Now that we have found out the required current value through resistor $R$ we will now substitute this current in the power equation. Hence, by substituting this value for ${I_2}$in equation ($1$) we get:
$P = {\left( {\dfrac{V}{{\dfrac{5}{3}R + 20}}} \right)^2}R$
On further simplification:
$P = \dfrac{{{V^2}R}}{{{{\left[ {\dfrac{5}{3}R + 20} \right]}^2}}}$ ------------($4$)
In order to find the maximum value for power it must be differentiated and equated to zero so as to maximize the value of power that is dissipated. This is because the peak or the maxima of power value is required and hence the slope or the tangent drawn to this peak value in the graph for power that is dissipated in cycles will be parallel to the x-axis, thus making its derivative or slope value equal to zero.Hence, in order to obtain the maximum power we need to differentiate it and equate it to zero and hence we get:
$\dfrac{{dP}}{{dR}} = 0$

We differentiate the power with respect to $R$ because we are asked to find out the maximum power across resistor $R$ only.We now substitute equation ($4$) in place of $P$ in the above differentiation equation for maximum power we get:
$\dfrac{d}{{dR}}\left( {\dfrac{{{V^2}R}}{{{{\left[ {\dfrac{5}{3}R + 20} \right]}^2}}}} \right) = 0$
We perform the differentiation by applying the quotient rule and the chain rule for differentiation to get:
$\dfrac{{{V^2}{{\left( {\dfrac{5}{3}R + 20} \right)}^2} - 2\left( {\dfrac{5}{3}R + 20} \right) \times \dfrac{5}{3} \times {V^2}R}}{{{{\left( {\dfrac{5}{3}R + 20} \right)}^4}}} = 0$
Taking out the common term $\left( {\dfrac{5}{3}R + 20} \right)$ out we get:
$\dfrac{{\left( {\dfrac{5}{3}R + 20} \right)\left[ {{V^2}\left( {\dfrac{5}{3}R + 20} \right) - 2 \times \dfrac{5}{3} \times {V^2}R} \right]}}{{{{\left( {\dfrac{5}{3}R + 20} \right)}^4}}} = 0$
The common term from the numerator and denominator gets cancelled out to get:
$\dfrac{{\left[ {{V^2}\left( {\dfrac{5}{3}R + 20} \right) - 2 \times \dfrac{5}{3} \times {V^2}R} \right]}}{{{{\left( {\dfrac{5}{3}R + 20} \right)}^3}}} = 0$

We now perform cross multiplication to get:
${V^2}\left( {\dfrac{5}{3}R + 20} \right) - \dfrac{{10}}{3} \times {V^2}R = 0$
$\Rightarrow {V^2}\left( {\dfrac{5}{3}R + 20} \right) = \dfrac{{10}}{3} \times {V^2}R$
By cancelling out the common term ${V^2}$ we get:
$20 = \dfrac{{10}}{3}R - \dfrac{5}{3}R$
We take the LCM to get:
$20 = \dfrac{{10 - 5}}{3}R$
On further simplification we obtain:
$\Rightarrow 20 = \dfrac{5}{3}R$
$\Rightarrow 5R = 60$
$\therefore R = 12\Omega$

Hence, $12\Omega$ is the resistance value for the circuit with maximum power dissipated across the resistor $R$.

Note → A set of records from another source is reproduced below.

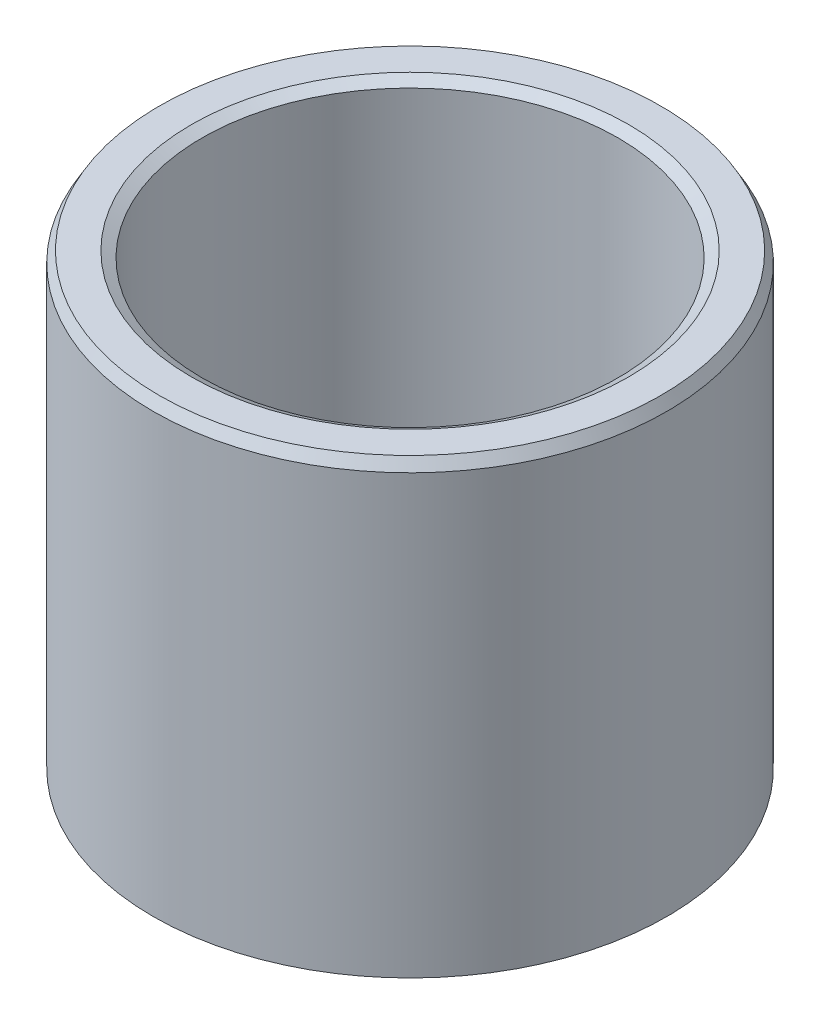
ISO-10303-21;
HEADER;
FILE_DESCRIPTION(('STEP AP214'),'2;1');
FILE_NAME('part.step','',(''),(''),'','','');
FILE_SCHEMA(('AUTOMOTIVE_DESIGN { 1 0 10303 214 1 1 1 1 }'));
ENDSEC;
DATA;
#1=APPLICATION_CONTEXT('core data for automotive mechanical design processes');
#2=APPLICATION_PROTOCOL_DEFINITION('international standard','automotive_design',2000,#1);
#3=PRODUCT_CONTEXT('',#1,'mechanical');
#4=PRODUCT('Part','Part','',(#3));
#5=PRODUCT_RELATED_PRODUCT_CATEGORY('part','',(#4));
#6=PRODUCT_DEFINITION_FORMATION('','',#4);
#7=PRODUCT_DEFINITION_CONTEXT('part definition',#1,'design');
#8=PRODUCT_DEFINITION('design','',#6,#7);
#9=PRODUCT_DEFINITION_SHAPE('','',#8);
#10=(LENGTH_UNIT() NAMED_UNIT(*) SI_UNIT(.MILLI.,.METRE.));
#11=(NAMED_UNIT(*) PLANE_ANGLE_UNIT() SI_UNIT($,.RADIAN.));
#12=(NAMED_UNIT(*) SI_UNIT($,.STERADIAN.) SOLID_ANGLE_UNIT());
#13=UNCERTAINTY_MEASURE_WITH_UNIT(LENGTH_MEASURE(1.E-05),#10,'distance_accuracy_value','');
#14=(GEOMETRIC_REPRESENTATION_CONTEXT(3) GLOBAL_UNCERTAINTY_ASSIGNED_CONTEXT((#13)) GLOBAL_UNIT_ASSIGNED_CONTEXT((#10,
#11,#12)) REPRESENTATION_CONTEXT('',''));
#15=CARTESIAN_POINT('',(0.,0.,0.));
#16=DIRECTION('',(0.,0.,1.));
#17=DIRECTION('',(1.,0.,0.));
#18=AXIS2_PLACEMENT_3D('',#15,#16,#17);
#19=CARTESIAN_POINT('',(0.,75.1542868511249,0.));
#20=DIRECTION('',(0.,-1.,0.));
#21=DIRECTION('',(0.,0.,-1.));
#22=AXIS2_PLACEMENT_3D('',#19,#20,#21);
#23=CYLINDRICAL_SURFACE('',#22,42.5);
#24=CARTESIAN_POINT('',(0.,1.01895058689602,0.));
#25=DIRECTION('',(0.,1.,0.));
#26=DIRECTION('',(0.,0.,1.));
#27=AXIS2_PLACEMENT_3D('',#24,#25,#26);
#28=CIRCLE('',#27,42.5);
#29=CARTESIAN_POINT('',(0.,1.01895058689602,42.5));
#30=VERTEX_POINT('',#29);
#31=EDGE_CURVE('E10',#30,#30,#28,.T.);
#32=ORIENTED_EDGE('',*,*,#31,.T.);
#33=EDGE_LOOP('',(#32));
#34=FACE_BOUND('',#33,.T.);
#35=CARTESIAN_POINT('',(0.,73.3894126642188,0.));
#36=DIRECTION('',(0.,1.,0.));
#37=DIRECTION('',(0.,0.,1.));
#38=AXIS2_PLACEMENT_3D('',#35,#36,#37);
#39=CIRCLE('',#38,42.5);
#40=CARTESIAN_POINT('',(0.,73.3894126642188,42.5));
#41=VERTEX_POINT('',#40);
#42=EDGE_CURVE('E50',#41,#41,#39,.F.);
#43=ORIENTED_EDGE('',*,*,#42,.T.);
#44=EDGE_LOOP('',(#43));
#45=FACE_BOUND('',#44,.T.);
#46=ADVANCED_FACE('F39',(#34,#45),#23,.T.);
#47=CARTESIAN_POINT('',(0.,75.1542868511249,0.));
#48=DIRECTION('',(0.,1.,0.));
#49=DIRECTION('',(0.,0.,1.));
#50=AXIS2_PLACEMENT_3D('',#47,#48,#49);
#51=PLANE('',#50);
#52=CARTESIAN_POINT('',(0.,75.1542868511249,0.));
#53=DIRECTION('',(0.,1.,0.));
#54=DIRECTION('',(0.,0.,1.));
#55=AXIS2_PLACEMENT_3D('',#52,#53,#54);
#56=CIRCLE('',#55,36.1650063663714);
#57=CARTESIAN_POINT('',(0.,75.1542868511249,36.1650063663714));
#58=VERTEX_POINT('',#57);
#59=EDGE_CURVE('E58',#58,#58,#56,.F.);
#60=ORIENTED_EDGE('',*,*,#59,.T.);
#61=EDGE_LOOP('',(#60));
#62=FACE_BOUND('',#61,.T.);
#63=CARTESIAN_POINT('',(0.,75.1542868511249,0.));
#64=DIRECTION('',(0.,1.,0.));
#65=DIRECTION('',(0.,0.,1.));
#66=AXIS2_PLACEMENT_3D('',#63,#64,#65);
#67=CIRCLE('',#66,41.481049413104);
#68=CARTESIAN_POINT('',(0.,75.1542868511249,41.481049413104));
#69=VERTEX_POINT('',#68);
#70=EDGE_CURVE('E61',#69,#69,#67,.T.);
#71=ORIENTED_EDGE('',*,*,#70,.T.);
#72=EDGE_LOOP('',(#71));
#73=FACE_BOUND('',#72,.T.);
#74=ADVANCED_FACE('F88',(#62,#73),#51,.T.);
#75=CARTESIAN_POINT('',(0.,0.,0.));
#76=DIRECTION('',(0.,1.,0.));
#77=DIRECTION('',(0.,0.,1.));
#78=AXIS2_PLACEMENT_3D('',#75,#76,#77);
#79=PLANE('',#78);
#80=CARTESIAN_POINT('',(0.,0.,0.));
#81=DIRECTION('',(0.,1.,0.));
#82=DIRECTION('',(0.,0.,1.));
#83=AXIS2_PLACEMENT_3D('',#80,#81,#82);
#84=CIRCLE('',#83,35.4190827663614);
#85=CARTESIAN_POINT('',(0.,0.,35.4190827663614));
#86=VERTEX_POINT('',#85);
#87=EDGE_CURVE('E51',#86,#86,#84,.T.);
#88=ORIENTED_EDGE('',*,*,#87,.T.);
#89=EDGE_LOOP('',(#88));
#90=FACE_BOUND('',#89,.T.);
#91=CARTESIAN_POINT('',(0.,0.,0.));
#92=DIRECTION('',(0.,1.,0.));
#93=DIRECTION('',(0.,0.,1.));
#94=AXIS2_PLACEMENT_3D('',#91,#92,#93);
#95=CIRCLE('',#94,40.7351258130939);
#96=CARTESIAN_POINT('',(0.,0.,40.7351258130939));
#97=VERTEX_POINT('',#96);
#98=EDGE_CURVE('E54',#97,#97,#95,.F.);
#99=ORIENTED_EDGE('',*,*,#98,.T.);
#100=EDGE_LOOP('',(#99));
#101=FACE_BOUND('',#100,.T.);
#102=ADVANCED_FACE('F83',(#90,#101),#79,.F.);
#103=CARTESIAN_POINT('',(0.,75.1542868511249,0.));
#104=DIRECTION('',(0.,-1.,0.));
#105=DIRECTION('',(0.,0.,-1.));
#106=AXIS2_PLACEMENT_3D('',#103,#104,#105);
#107=CYLINDRICAL_SURFACE('',#106,34.4001321794653);
#108=CARTESIAN_POINT('',(0.,74.1353362642289,0.));
#109=DIRECTION('',(0.,1.,0.));
#110=DIRECTION('',(0.,0.,1.));
#111=AXIS2_PLACEMENT_3D('',#108,#109,#110);
#112=CIRCLE('',#111,34.4001321794653);
#113=CARTESIAN_POINT('',(0.,74.1353362642289,34.4001321794653));
#114=VERTEX_POINT('',#113);
#115=EDGE_CURVE('E67',#114,#114,#112,.T.);
#116=ORIENTED_EDGE('',*,*,#115,.T.);
#117=EDGE_LOOP('',(#116));
#118=FACE_BOUND('',#117,.T.);
#119=CARTESIAN_POINT('',(0.,1.76487418690607,0.));
#120=DIRECTION('',(0.,1.,0.));
#121=DIRECTION('',(0.,0.,1.));
#122=AXIS2_PLACEMENT_3D('',#119,#120,#121);
#123=CIRCLE('',#122,34.4001321794653);
#124=CARTESIAN_POINT('',(0.,1.76487418690607,34.4001321794653));
#125=VERTEX_POINT('',#124);
#126=EDGE_CURVE('E69',#125,#125,#123,.F.);
#127=ORIENTED_EDGE('',*,*,#126,.T.);
#128=EDGE_LOOP('',(#127));
#129=FACE_BOUND('',#128,.T.);
#130=ADVANCED_FACE('F71',(#118,#129),#107,.F.);
#131=CARTESIAN_POINT('',(0.,74.1353362642289,0.));
#132=DIRECTION('',(0.,1.,0.));
#133=DIRECTION('',(0.,0.,1.));
#134=AXIS2_PLACEMENT_3D('',#131,#132,#133);
#135=CONICAL_SURFACE('',#134,34.4001321794653,1.0471975511966);
#136=ORIENTED_EDGE('',*,*,#59,.F.);
#137=EDGE_LOOP('',(#136));
#138=FACE_BOUND('',#137,.T.);
#139=ORIENTED_EDGE('',*,*,#115,.F.);
#140=EDGE_LOOP('',(#139));
#141=FACE_BOUND('',#140,.T.);
#142=ADVANCED_FACE('F77',(#138,#141),#135,.F.);
#143=CARTESIAN_POINT('',(0.,0.,0.));
#144=DIRECTION('',(0.,-1.,0.));
#145=DIRECTION('',(0.,0.,-1.));
#146=AXIS2_PLACEMENT_3D('',#143,#144,#145);
#147=CONICAL_SURFACE('',#146,35.4190827663614,0.523598775598293);
#148=ORIENTED_EDGE('',*,*,#126,.F.);
#149=EDGE_LOOP('',(#148));
#150=FACE_BOUND('',#149,.T.);
#151=ORIENTED_EDGE('',*,*,#87,.F.);
#152=EDGE_LOOP('',(#151));
#153=FACE_BOUND('',#152,.T.);
#154=ADVANCED_FACE('F73',(#150,#153),#147,.F.);
#155=CARTESIAN_POINT('',(0.,1.01895058689602,0.));
#156=DIRECTION('',(0.,1.,0.));
#157=DIRECTION('',(0.,0.,1.));
#158=AXIS2_PLACEMENT_3D('',#155,#156,#157);
#159=CONICAL_SURFACE('',#158,42.5,1.04719755119661);
#160=ORIENTED_EDGE('',*,*,#98,.F.);
#161=EDGE_LOOP('',(#160));
#162=FACE_BOUND('',#161,.T.);
#163=ORIENTED_EDGE('',*,*,#31,.F.);
#164=EDGE_LOOP('',(#163));
#165=FACE_BOUND('',#164,.T.);
#166=ADVANCED_FACE('F76',(#162,#165),#159,.T.);
#167=CARTESIAN_POINT('',(0.,75.1542868511249,0.));
#168=DIRECTION('',(0.,-1.,0.));
#169=DIRECTION('',(0.,0.,-1.));
#170=AXIS2_PLACEMENT_3D('',#167,#168,#169);
#171=CONICAL_SURFACE('',#170,41.481049413104,0.523598775598291);
#172=ORIENTED_EDGE('',*,*,#42,.F.);
#173=EDGE_LOOP('',(#172));
#174=FACE_BOUND('',#173,.T.);
#175=ORIENTED_EDGE('',*,*,#70,.F.);
#176=EDGE_LOOP('',(#175));
#177=FACE_BOUND('',#176,.T.);
#178=ADVANCED_FACE('F45',(#174,#177),#171,.T.);
#179=CLOSED_SHELL('',(#46,#74,#102,#130,#142,#154,#166,#178));
#180=MANIFOLD_SOLID_BREP('B2',#179);
#181=ADVANCED_BREP_SHAPE_REPRESENTATION('',(#18,#180),#14);
#182=SHAPE_DEFINITION_REPRESENTATION(#9,#181);
ENDSEC;
END-ISO-10303-21;

Note: A common error that can be observed in this problem is that the equivalence resistance is often calculated and substituted in the power equation which is incorrect. To maximize the power differentiation is required to be carried out. The mathematics and the concept of differentiating must be known in order to solve these types of problems since chain rule and quotient rule must be applied to solve for the value of $R$.